== Data for analysis

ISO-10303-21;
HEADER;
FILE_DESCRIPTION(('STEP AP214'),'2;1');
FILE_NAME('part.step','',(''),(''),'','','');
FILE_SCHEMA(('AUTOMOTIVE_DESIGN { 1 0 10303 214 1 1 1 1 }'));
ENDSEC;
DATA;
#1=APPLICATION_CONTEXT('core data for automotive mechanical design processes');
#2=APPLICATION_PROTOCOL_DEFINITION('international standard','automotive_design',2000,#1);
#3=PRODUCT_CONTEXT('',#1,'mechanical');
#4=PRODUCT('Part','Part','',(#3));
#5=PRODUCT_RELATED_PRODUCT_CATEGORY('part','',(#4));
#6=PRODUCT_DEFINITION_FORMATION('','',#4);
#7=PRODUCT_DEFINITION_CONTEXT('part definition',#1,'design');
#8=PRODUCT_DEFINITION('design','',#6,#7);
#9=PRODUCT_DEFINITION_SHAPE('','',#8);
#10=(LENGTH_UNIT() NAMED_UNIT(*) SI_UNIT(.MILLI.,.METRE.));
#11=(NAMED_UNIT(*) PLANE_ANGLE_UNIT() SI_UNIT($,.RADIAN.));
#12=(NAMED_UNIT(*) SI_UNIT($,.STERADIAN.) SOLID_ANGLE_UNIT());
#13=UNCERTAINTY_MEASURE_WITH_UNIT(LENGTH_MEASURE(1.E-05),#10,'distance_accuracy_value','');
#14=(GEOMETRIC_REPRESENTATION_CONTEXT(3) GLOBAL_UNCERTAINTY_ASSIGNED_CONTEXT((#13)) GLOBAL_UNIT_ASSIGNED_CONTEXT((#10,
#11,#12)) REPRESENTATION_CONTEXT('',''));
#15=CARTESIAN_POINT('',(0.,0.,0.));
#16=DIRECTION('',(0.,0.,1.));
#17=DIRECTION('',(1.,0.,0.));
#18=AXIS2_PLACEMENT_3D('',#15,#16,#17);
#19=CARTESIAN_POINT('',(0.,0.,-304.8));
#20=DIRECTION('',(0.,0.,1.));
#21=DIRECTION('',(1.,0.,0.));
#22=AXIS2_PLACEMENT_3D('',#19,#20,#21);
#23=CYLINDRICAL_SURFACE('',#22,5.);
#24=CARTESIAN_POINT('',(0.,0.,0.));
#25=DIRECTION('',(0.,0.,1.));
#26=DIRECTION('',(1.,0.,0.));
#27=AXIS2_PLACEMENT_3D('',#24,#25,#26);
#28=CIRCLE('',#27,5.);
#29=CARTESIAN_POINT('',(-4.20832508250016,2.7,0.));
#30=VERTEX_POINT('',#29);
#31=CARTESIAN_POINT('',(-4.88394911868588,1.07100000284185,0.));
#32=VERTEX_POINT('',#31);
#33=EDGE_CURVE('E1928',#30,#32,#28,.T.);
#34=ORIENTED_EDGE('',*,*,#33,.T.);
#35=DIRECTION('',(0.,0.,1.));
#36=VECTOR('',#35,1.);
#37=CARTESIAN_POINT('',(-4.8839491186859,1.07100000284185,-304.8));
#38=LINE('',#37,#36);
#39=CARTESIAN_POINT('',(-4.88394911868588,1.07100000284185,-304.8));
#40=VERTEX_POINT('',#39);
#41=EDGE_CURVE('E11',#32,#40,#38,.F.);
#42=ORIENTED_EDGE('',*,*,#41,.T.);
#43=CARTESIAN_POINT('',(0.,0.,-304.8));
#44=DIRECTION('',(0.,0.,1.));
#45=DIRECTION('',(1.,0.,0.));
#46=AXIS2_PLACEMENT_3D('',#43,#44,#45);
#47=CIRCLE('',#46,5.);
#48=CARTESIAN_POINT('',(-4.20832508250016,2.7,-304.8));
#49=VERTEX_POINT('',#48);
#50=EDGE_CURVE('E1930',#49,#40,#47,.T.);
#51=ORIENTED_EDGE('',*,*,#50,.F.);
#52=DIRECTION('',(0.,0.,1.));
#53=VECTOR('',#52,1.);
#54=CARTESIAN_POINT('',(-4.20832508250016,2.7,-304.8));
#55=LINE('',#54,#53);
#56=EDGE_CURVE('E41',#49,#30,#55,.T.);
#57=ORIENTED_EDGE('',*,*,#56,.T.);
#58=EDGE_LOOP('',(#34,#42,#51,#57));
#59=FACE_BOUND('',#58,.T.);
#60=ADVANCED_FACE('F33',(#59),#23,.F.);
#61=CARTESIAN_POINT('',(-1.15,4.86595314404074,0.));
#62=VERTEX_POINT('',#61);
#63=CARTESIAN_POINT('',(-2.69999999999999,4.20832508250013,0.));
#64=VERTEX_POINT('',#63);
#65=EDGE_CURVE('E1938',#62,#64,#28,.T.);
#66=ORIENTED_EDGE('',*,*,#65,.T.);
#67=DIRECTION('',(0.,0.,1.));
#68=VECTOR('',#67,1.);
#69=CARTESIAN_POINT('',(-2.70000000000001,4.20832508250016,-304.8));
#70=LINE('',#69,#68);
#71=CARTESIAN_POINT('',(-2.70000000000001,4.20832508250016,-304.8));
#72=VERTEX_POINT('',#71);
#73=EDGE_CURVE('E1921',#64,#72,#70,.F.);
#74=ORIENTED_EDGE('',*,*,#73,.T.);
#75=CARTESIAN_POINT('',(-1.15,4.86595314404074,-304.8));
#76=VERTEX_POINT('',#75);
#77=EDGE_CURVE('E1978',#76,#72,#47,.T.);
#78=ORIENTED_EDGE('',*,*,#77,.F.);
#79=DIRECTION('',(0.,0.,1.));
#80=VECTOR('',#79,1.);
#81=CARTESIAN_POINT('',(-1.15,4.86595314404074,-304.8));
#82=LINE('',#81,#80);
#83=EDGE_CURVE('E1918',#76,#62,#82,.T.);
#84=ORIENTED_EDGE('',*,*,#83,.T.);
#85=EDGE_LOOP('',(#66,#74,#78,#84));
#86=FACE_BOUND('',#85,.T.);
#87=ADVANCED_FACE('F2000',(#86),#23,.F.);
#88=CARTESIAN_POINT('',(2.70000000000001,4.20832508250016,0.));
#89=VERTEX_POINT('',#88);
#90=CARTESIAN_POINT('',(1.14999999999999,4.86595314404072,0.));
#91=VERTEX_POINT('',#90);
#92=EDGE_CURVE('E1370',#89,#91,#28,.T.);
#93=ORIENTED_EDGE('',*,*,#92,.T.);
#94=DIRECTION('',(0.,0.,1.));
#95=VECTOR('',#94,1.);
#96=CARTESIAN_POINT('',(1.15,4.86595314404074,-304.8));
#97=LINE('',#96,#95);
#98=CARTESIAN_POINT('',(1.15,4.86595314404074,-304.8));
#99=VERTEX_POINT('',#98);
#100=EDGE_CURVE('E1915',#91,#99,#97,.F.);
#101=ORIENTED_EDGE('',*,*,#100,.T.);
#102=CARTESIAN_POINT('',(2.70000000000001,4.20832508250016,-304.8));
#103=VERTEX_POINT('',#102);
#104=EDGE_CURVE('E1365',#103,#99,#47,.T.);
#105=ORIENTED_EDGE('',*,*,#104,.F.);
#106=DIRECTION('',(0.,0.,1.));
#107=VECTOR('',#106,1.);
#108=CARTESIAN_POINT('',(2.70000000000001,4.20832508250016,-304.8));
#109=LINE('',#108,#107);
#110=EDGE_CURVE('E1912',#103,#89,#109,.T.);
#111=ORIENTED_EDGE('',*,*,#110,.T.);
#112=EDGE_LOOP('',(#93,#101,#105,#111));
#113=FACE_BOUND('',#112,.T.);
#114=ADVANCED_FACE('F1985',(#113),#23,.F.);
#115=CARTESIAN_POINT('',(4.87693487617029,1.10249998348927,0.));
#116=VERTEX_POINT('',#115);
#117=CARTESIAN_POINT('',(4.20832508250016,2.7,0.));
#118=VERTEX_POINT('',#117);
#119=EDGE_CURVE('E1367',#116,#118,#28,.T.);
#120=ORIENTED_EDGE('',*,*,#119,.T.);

====

» **Requirement**
Starting with the line with "#9=PRODUCT_DEFINITION_SHAPE('','',#8);" above and going on through the line with "#16=DIRECTION('',(0.,0.,1.));", transcribe every line exactly, both ends included, and add nothing.

» **Written response**
#9=PRODUCT_DEFINITION_SHAPE('','',#8);
#10=(LENGTH_UNIT() NAMED_UNIT(*) SI_UNIT(.MILLI.,.METRE.));
#11=(NAMED_UNIT(*) PLANE_ANGLE_UNIT() SI_UNIT($,.RADIAN.));
#12=(NAMED_UNIT(*) SI_UNIT($,.STERADIAN.) SOLID_ANGLE_UNIT());
#13=UNCERTAINTY_MEASURE_WITH_UNIT(LENGTH_MEASURE(1.E-05),#10,'distance_accuracy_value','');
#14=(GEOMETRIC_REPRESENTATION_CONTEXT(3) GLOBAL_UNCERTAINTY_ASSIGNED_CONTEXT((#13)) GLOBAL_UNIT_ASSIGNED_CONTEXT((#10,
#11,#12)) REPRESENTATION_CONTEXT('',''));
#15=CARTESIAN_POINT('',(0.,0.,0.));
#16=DIRECTION('',(0.,0.,1.));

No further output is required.